🤖 AI Summary
This work addresses the lack of theoretically grounded stopping criteria in Bayesian optimization, which often leads to excessive function evaluations and no guarantees on solution quality. Focusing on the GP-UCB algorithm, the authors derive a tighter upper bound on instantaneous regret and leverage it to propose the first stopping criterion with $(\varepsilon,\delta)$-optimality guarantees. This criterion ensures that, upon termination, the returned solution is approximately optimal with high probability. Experimental results demonstrate that the proposed method significantly reduces the number of function evaluations while strictly maintaining solution quality, thereby enhancing optimization efficiency.
📝 Abstract
Bayesian optimization (BO) is a widely used iterative black-box optimization method that utilizes Gaussian process (GP) surrogate models. In practice, BO is typically terminated after a fixed evaluation budget is exhausted, which can incur unnecessary cost and provides no optimality guarantee on solution quality.

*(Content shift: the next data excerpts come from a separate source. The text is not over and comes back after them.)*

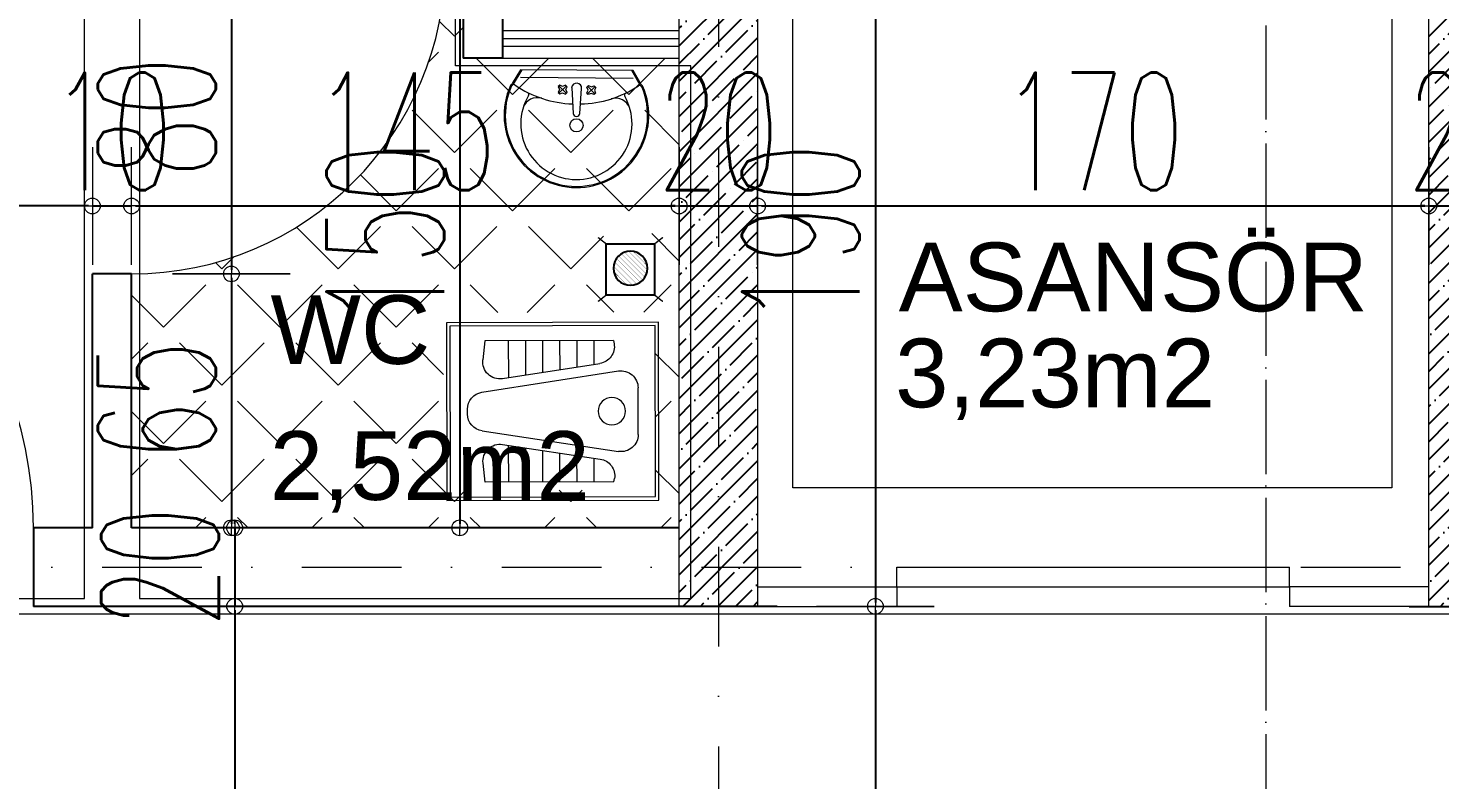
# Model space of a CAD drawing. Header units: millimetres. Extents: x -16104 to 67872, y -88009 to 12107.
# Drawn here: x 11745.8 to 12105.5, y 10745.9 to 10937.3 of the extents above; entities that cross this region are included whole.
import ezdxf

# ---------------------------------------------------------------- set-up
doc = ezdxf.new("R2010")
doc.units = ezdxf.units.MM
for name, pattern in [('ACAD_ISO04W100', [30, 24, -3, 0, -3]), ('ACAD_ISO07W100', [3, 0, -3]), ('DASHDOTX2', [50.8, 25.4, -12.7, 0, -12.7])]:
    doc.linetypes.add(name, pattern=pattern)
doc.layers.get('0').update_dxf_attribs({"color": 241})
for name, color, linetype, lineweight in [('AKS', 1, 'ACAD_ISO07W100', 5), ('akslar', 144, 'Continuous', 20), ('duvar', 123, 'Continuous', 25), ('emsal&kolon', 1, 'Continuous', 5), ('kapı', 3, 'Continuous', 5), ('OLCU', 54, 'Continuous', 13), ('pencere', 5, 'Continuous', 5), ('SıVA', 40, 'Continuous', 9), ('TARAMA', 8, 'Continuous', 15), ('tefriş', 30, 'Continuous', 5), ('ÖLÇÜ', 252, 'Continuous', 20)]:
    doc.layers.add(name, color=color, linetype=linetype, lineweight=lineweight)
doc.styles.add('DIM', font='Txttw.shx', dxfattribs={"width": 0.6})
doc.dimstyles.new('50', dxfattribs={"dimscale": 0, "dimtxt": 30, "dimasz": 1, "dimexe": 0, "dimexo": 2, "dimgap": 4, "dimtad": 1, "dimdec": 0, "dimzin": 0, "dimdsep": 46, "dimtxsty": 'DIM', "dimblk1": 'DOT', "dimblk2": 'DOT', "dimsah": 1, "dimcen": 1.5, "dimdle": 3, "dimse1": 1, "dimse2": 1, "dimclrd": 256, "dimclre": 9, "dimclrt": 256, "dimadec": 0, "dimazin": 0, "dimtfac": 0.24, "dimtdec": 0, "dimtix": 1, "dimtmove": 2, "dimatfit": 3, "dimldrblk": 'DOT', "dimfxl": 0, "dimtolj": 1, "dimtzin": 15, "dimarcsym": 0})

# ---------------------------------------------------------------- blocks, each defined once
blk = doc.blocks.new('DOT')
for p, q in [((0, 15), (0, -15)), ((-2, 0), (0, 0)), ((2, 0), (0, 0))]:
    blk.add_line(p, q)
blk.add_circle((0, 0), 2)
blk = doc.blocks.new('*D553')
at = {"layer": 'Defpoints', "color": 0, "transparency": 16777216}
for p in [(11797.57, 10954.73), (11797.57, 10874.73), (11797.57, 10874.73)]:
    blk.add_point(p, dxfattribs=at)
at = {"layer": 'OLCU', "lineweight": -2, "transparency": 16777216}
blk.add_line((11797.57, 10953.73), (11797.57, 10875.73), dxfattribs=at)
for p, rotation in [((11797.57, 10954.73), 90), ((11797.57, 10874.73), 270)]:
    blk.add_blockref('DOT', p, dxfattribs=dict(at, rotation=rotation))
at = {"layer": 'OLCU', "transparency": 16777216, "insert": (11778.57, 10914.73), "char_height": 30, "attachment_point": 5, "rotation": 90, "style": 'DIM'}
blk.add_mtext('\\A1;80', dxfattribs=at)
blk = doc.blocks.new('*D1009')
at = {"layer": 'Defpoints', "color": 0, "transparency": 16777216}
for p in [(11772.15, 10874.73), (11772.15, 10810.04), (11797.57, 10810.04)]:
    blk.add_point(p, dxfattribs=at)
at = {"layer": 'OLCU', "lineweight": -2, "transparency": 16777216}
blk.add_line((11797.57, 10873.73), (11797.57, 10811.04), dxfattribs=at)
for p, rotation in [((11797.57, 10874.73), 90), ((11797.57, 10810.04), 270)]:
    blk.add_blockref('DOT', p, dxfattribs=dict(at, rotation=rotation))
at = {"layer": 'OLCU', "transparency": 16777216, "insert": (11778.57, 10842.39), "char_height": 30, "attachment_point": 5, "rotation": 90, "style": 'DIM'}
blk.add_mtext('\\A1;65', dxfattribs=at)
blk = doc.blocks.new('*D554')
at = {"layer": 'Defpoints', "color": 0, "transparency": 16777216}
for p in [(11798.41, 10810.04), (11798.41, 10790.04), (11798.41, 10790.04)]:
    blk.add_point(p, dxfattribs=at)
at = {"layer": 'OLCU', "lineweight": -2, "transparency": 16777216}
for p, q in [((11798.41, 10811.04), (11798.41, 10812.04)), ((11798.41, 10810.04), (11798.41, 10790.04)), ((11798.41, 10789.04), (11798.41, 10788.04))]:
    blk.add_line(p, q, dxfattribs=at)
for p, rotation in [((11798.41, 10810.04), 270), ((11798.41, 10790.04), 90)]:
    blk.add_blockref('DOT', p, dxfattribs=dict(at, rotation=rotation))
at = {"layer": 'OLCU', "transparency": 16777216, "insert": (11779.41, 10800.04), "char_height": 30, "attachment_point": 5, "rotation": 90, "style": 'DIM'}
blk.add_mtext('\\A1;20', dxfattribs=at)
blk = doc.blocks.new('*D555')
at = {"layer": 'Defpoints', "color": 0, "transparency": 16777216}
for p in [(11798.41, 10790.04), (11798.41, 10650.04), (11798.41, 10650.04)]:
    blk.add_point(p, dxfattribs=at)
at = {"layer": 'OLCU', "lineweight": -2, "transparency": 16777216}
blk.add_line((11798.41, 10789.04), (11798.41, 10651.04), dxfattribs=at)
for p, rotation in [((11798.41, 10790.04), 90), ((11798.41, 10650.04), 270)]:
    blk.add_blockref('DOT', p, dxfattribs=dict(at, rotation=rotation))
at = {"layer": 'OLCU', "transparency": 16777216, "insert": (11779.41, 10720.04), "char_height": 30, "attachment_point": 5, "rotation": 90, "style": 'DIM'}
blk.add_mtext('\\A1;140', dxfattribs=at)
blk = doc.blocks.new('*D562')
at = {"layer": 'Defpoints', "color": 0, "transparency": 16777216}
for p in [(11961.65, 10979.73), (11961.65, 10790.04), (11962.49, 10790.04)]:
    blk.add_point(p, dxfattribs=at)
at = {"layer": 'OLCU', "lineweight": -2, "transparency": 16777216}
blk.add_line((11961.65, 10978.73), (11961.65, 10791.04), dxfattribs=at)
for p, rotation in [((11961.65, 10979.73), 90), ((11961.65, 10790.04), 270)]:
    blk.add_blockref('DOT', p, dxfattribs=dict(at, rotation=rotation))
at = {"layer": 'OLCU', "transparency": 16777216, "insert": (11942.65, 10884.89), "char_height": 30, "attachment_point": 5, "rotation": 90, "style": 'DIM'}
blk.add_mtext('\\A1;190', dxfattribs=at)
blk = doc.blocks.new('*D1014')
at = {"layer": 'Defpoints', "color": 0, "transparency": 16777216}
for p in [(11855.77, 10959.73), (11855.77, 10810.04), (11855.77, 10810.04)]:
    blk.add_point(p, dxfattribs=at)
at = {"layer": 'OLCU', "lineweight": -2, "transparency": 16777216}
blk.add_line((11855.77, 10958.73), (11855.77, 10811.04), dxfattribs=at)
for p, rotation in [((11855.77, 10959.73), 90), ((11855.77, 10810.04), 270)]:
    blk.add_blockref('DOT', p, dxfattribs=dict(at, rotation=rotation))
at = {"layer": 'OLCU', "transparency": 16777216, "insert": (11836.77, 10884.89), "char_height": 30, "attachment_point": 5, "rotation": 90, "style": 'DIM'}
blk.add_mtext('\\A1;150', dxfattribs=at)
blk = doc.blocks.new('*D1016')
at = {"layer": 'Defpoints', "color": 0, "transparency": 16777216}
for p in [(11772.15, 10892.03), (11762.15, 10874.73), (11772.15, 10874.73)]:
    blk.add_point(p, dxfattribs=at)
at = {"layer": 'OLCU', "lineweight": -2, "transparency": 16777216}
for p, q in [((11761.15, 10892.03), (11760.15, 10892.03)), ((11762.15, 10892.03), (11772.15, 10892.03)), ((11773.15, 10892.03), (11774.15, 10892.03))]:
    blk.add_line(p, q, dxfattribs=at)
blk.add_blockref('DOT', (11762.15, 10892.03), dxfattribs=at)
at = {"layer": 'OLCU', "lineweight": -2, "transparency": 16777216, "rotation": 180}
blk.add_blockref('DOT', (11772.15, 10892.03), dxfattribs=at)
at = {"layer": 'OLCU', "transparency": 16777216, "insert": (11767.15, 10911.03), "char_height": 30, "attachment_point": 5, "style": 'DIM'}
blk.add_mtext('\\A1;10', dxfattribs=at)
blk = doc.blocks.new('*D564')
at = {"layer": 'Defpoints', "color": 0, "transparency": 16777216}
for p in [(11632.15, 10892.03), (11632.15, 10874.73), (11762.15, 10874.73)]:
    blk.add_point(p, dxfattribs=at)
at = {"layer": 'OLCU', "lineweight": -2, "transparency": 16777216}
blk.add_line((11761.15, 10892.03), (11633.15, 10892.03), dxfattribs=at)
at = {"layer": 'OLCU', "lineweight": -2, "transparency": 16777216, "rotation": 180}
blk.add_blockref('DOT', (11632.15, 10892.03), dxfattribs=at)
at = {"layer": 'OLCU', "lineweight": -2, "transparency": 16777216}
blk.add_blockref('DOT', (11762.15, 10892.03), dxfattribs=at)
at = {"layer": 'OLCU', "transparency": 16777216, "insert": (11697.15, 10911.03), "char_height": 30, "attachment_point": 5, "style": 'DIM'}
blk.add_mtext('\\A1;130', dxfattribs=at)
blk = doc.blocks.new('*D571')
at = {"layer": 'Defpoints', "color": 0, "transparency": 16777216}
for p in [(11772.15, 10892.03), (11911.65, 10892.03), (11911.65, 10892.03)]:
    blk.add_point(p, dxfattribs=at)
at = {"layer": 'OLCU', "lineweight": -2, "transparency": 16777216}
blk.add_line((11773.15, 10892.03), (11910.65, 10892.03), dxfattribs=at)
at = {"layer": 'OLCU', "lineweight": -2, "transparency": 16777216, "rotation": 180}
blk.add_blockref('DOT', (11772.15, 10892.03), dxfattribs=at)
at = {"layer": 'OLCU', "lineweight": -2, "transparency": 16777216}
blk.add_blockref('DOT', (11911.65, 10892.03), dxfattribs=at)
at = {"layer": 'OLCU', "transparency": 16777216, "insert": (11841.9, 10911.03), "char_height": 30, "attachment_point": 5, "style": 'DIM'}
blk.add_mtext('\\A1;145', dxfattribs=at)
blk = doc.blocks.new('*D572')
at = {"layer": 'Defpoints', "color": 0, "transparency": 16777216}
for p in [(11911.65, 10892.03), (11931.65, 10892.03), (11931.65, 10892.03)]:
    blk.add_point(p, dxfattribs=at)
at = {"layer": 'OLCU', "lineweight": -2, "transparency": 16777216}
for p, q in [((11910.65, 10892.03), (11909.65, 10892.03)), ((11911.65, 10892.03), (11931.65, 10892.03)), ((11932.65, 10892.03), (11933.65, 10892.03))]:
    blk.add_line(p, q, dxfattribs=at)
blk.add_blockref('DOT', (11911.65, 10892.03), dxfattribs=at)
at = {"layer": 'OLCU', "lineweight": -2, "transparency": 16777216, "rotation": 180}
blk.add_blockref('DOT', (11931.65, 10892.03), dxfattribs=at)
at = {"layer": 'OLCU', "transparency": 16777216, "insert": (11921.65, 10911.03), "char_height": 30, "attachment_point": 5, "style": 'DIM'}
blk.add_mtext('\\A1;20', dxfattribs=at)
blk = doc.blocks.new('*D573')
at = {"layer": 'Defpoints', "color": 0, "transparency": 16777216}
for p in [(11931.65, 10892.03), (12102.65, 10892.03), (12102.65, 10892.03)]:
    blk.add_point(p, dxfattribs=at)
at = {"layer": 'OLCU', "lineweight": -2, "transparency": 16777216}
blk.add_line((11932.65, 10892.03), (12101.65, 10892.03), dxfattribs=at)
at = {"layer": 'OLCU', "lineweight": -2, "transparency": 16777216, "rotation": 180}
blk.add_blockref('DOT', (11931.65, 10892.03), dxfattribs=at)
at = {"layer": 'OLCU', "lineweight": -2, "transparency": 16777216}
blk.add_blockref('DOT', (12102.65, 10892.03), dxfattribs=at)
at = {"layer": 'OLCU', "transparency": 16777216, "insert": (12017.15, 10911.03), "char_height": 30, "attachment_point": 5, "style": 'DIM'}
blk.add_mtext('\\A1;170', dxfattribs=at)
blk = doc.blocks.new('*D574')
at = {"layer": 'Defpoints', "color": 0, "transparency": 16777216}
for p in [(12102.65, 10892.03), (12122.65, 10892.03), (12122.65, 10892.03)]:
    blk.add_point(p, dxfattribs=at)
at = {"layer": 'OLCU', "lineweight": -2, "transparency": 16777216}
for p, q in [((12101.65, 10892.03), (12100.65, 10892.03)), ((12102.65, 10892.03), (12122.65, 10892.03)), ((12123.65, 10892.03), (12124.65, 10892.03))]:
    blk.add_line(p, q, dxfattribs=at)
blk.add_blockref('DOT', (12102.65, 10892.03), dxfattribs=at)
at = {"layer": 'OLCU', "lineweight": -2, "transparency": 16777216, "rotation": 180}
blk.add_blockref('DOT', (12122.65, 10892.03), dxfattribs=at)
at = {"layer": 'OLCU', "transparency": 16777216, "insert": (12112.65, 10911.03), "char_height": 30, "attachment_point": 5, "style": 'DIM'}
blk.add_mtext('\\A1;20', dxfattribs=at)
blk = doc.blocks.new('*D914')
at = {"layer": 'Defpoints', "color": 0, "transparency": 16777216}
for p in [(11961.65, 10790.04), (11961.65, 10638.04), (11962.49, 10638.04)]:
    blk.add_point(p, dxfattribs=at)
at = {"layer": 'OLCU', "lineweight": -2, "transparency": 16777216}
blk.add_line((11961.65, 10789.04), (11961.65, 10639.04), dxfattribs=at)
for p, rotation in [((11961.65, 10790.04), 90), ((11961.65, 10638.04), 270)]:
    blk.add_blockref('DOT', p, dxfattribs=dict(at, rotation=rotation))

Recent research in developing a practical stopping criterion has made empirical progress, yet a theoretically sound stopping criterion remains a work in progress. In this work, we present provably tighter instantaneous regret bounds for GP upper confidence bound (GP-UCB) at any given iteration. Then, we propose stopping criteria for GP-UCB based on this tighter bound that ensures an $ε$-optimal solution with high probability $1-δ$ upon termination. Numerical experiments are performed to validate and demonstrate the effectiveness and efficiency of our stopping criteria.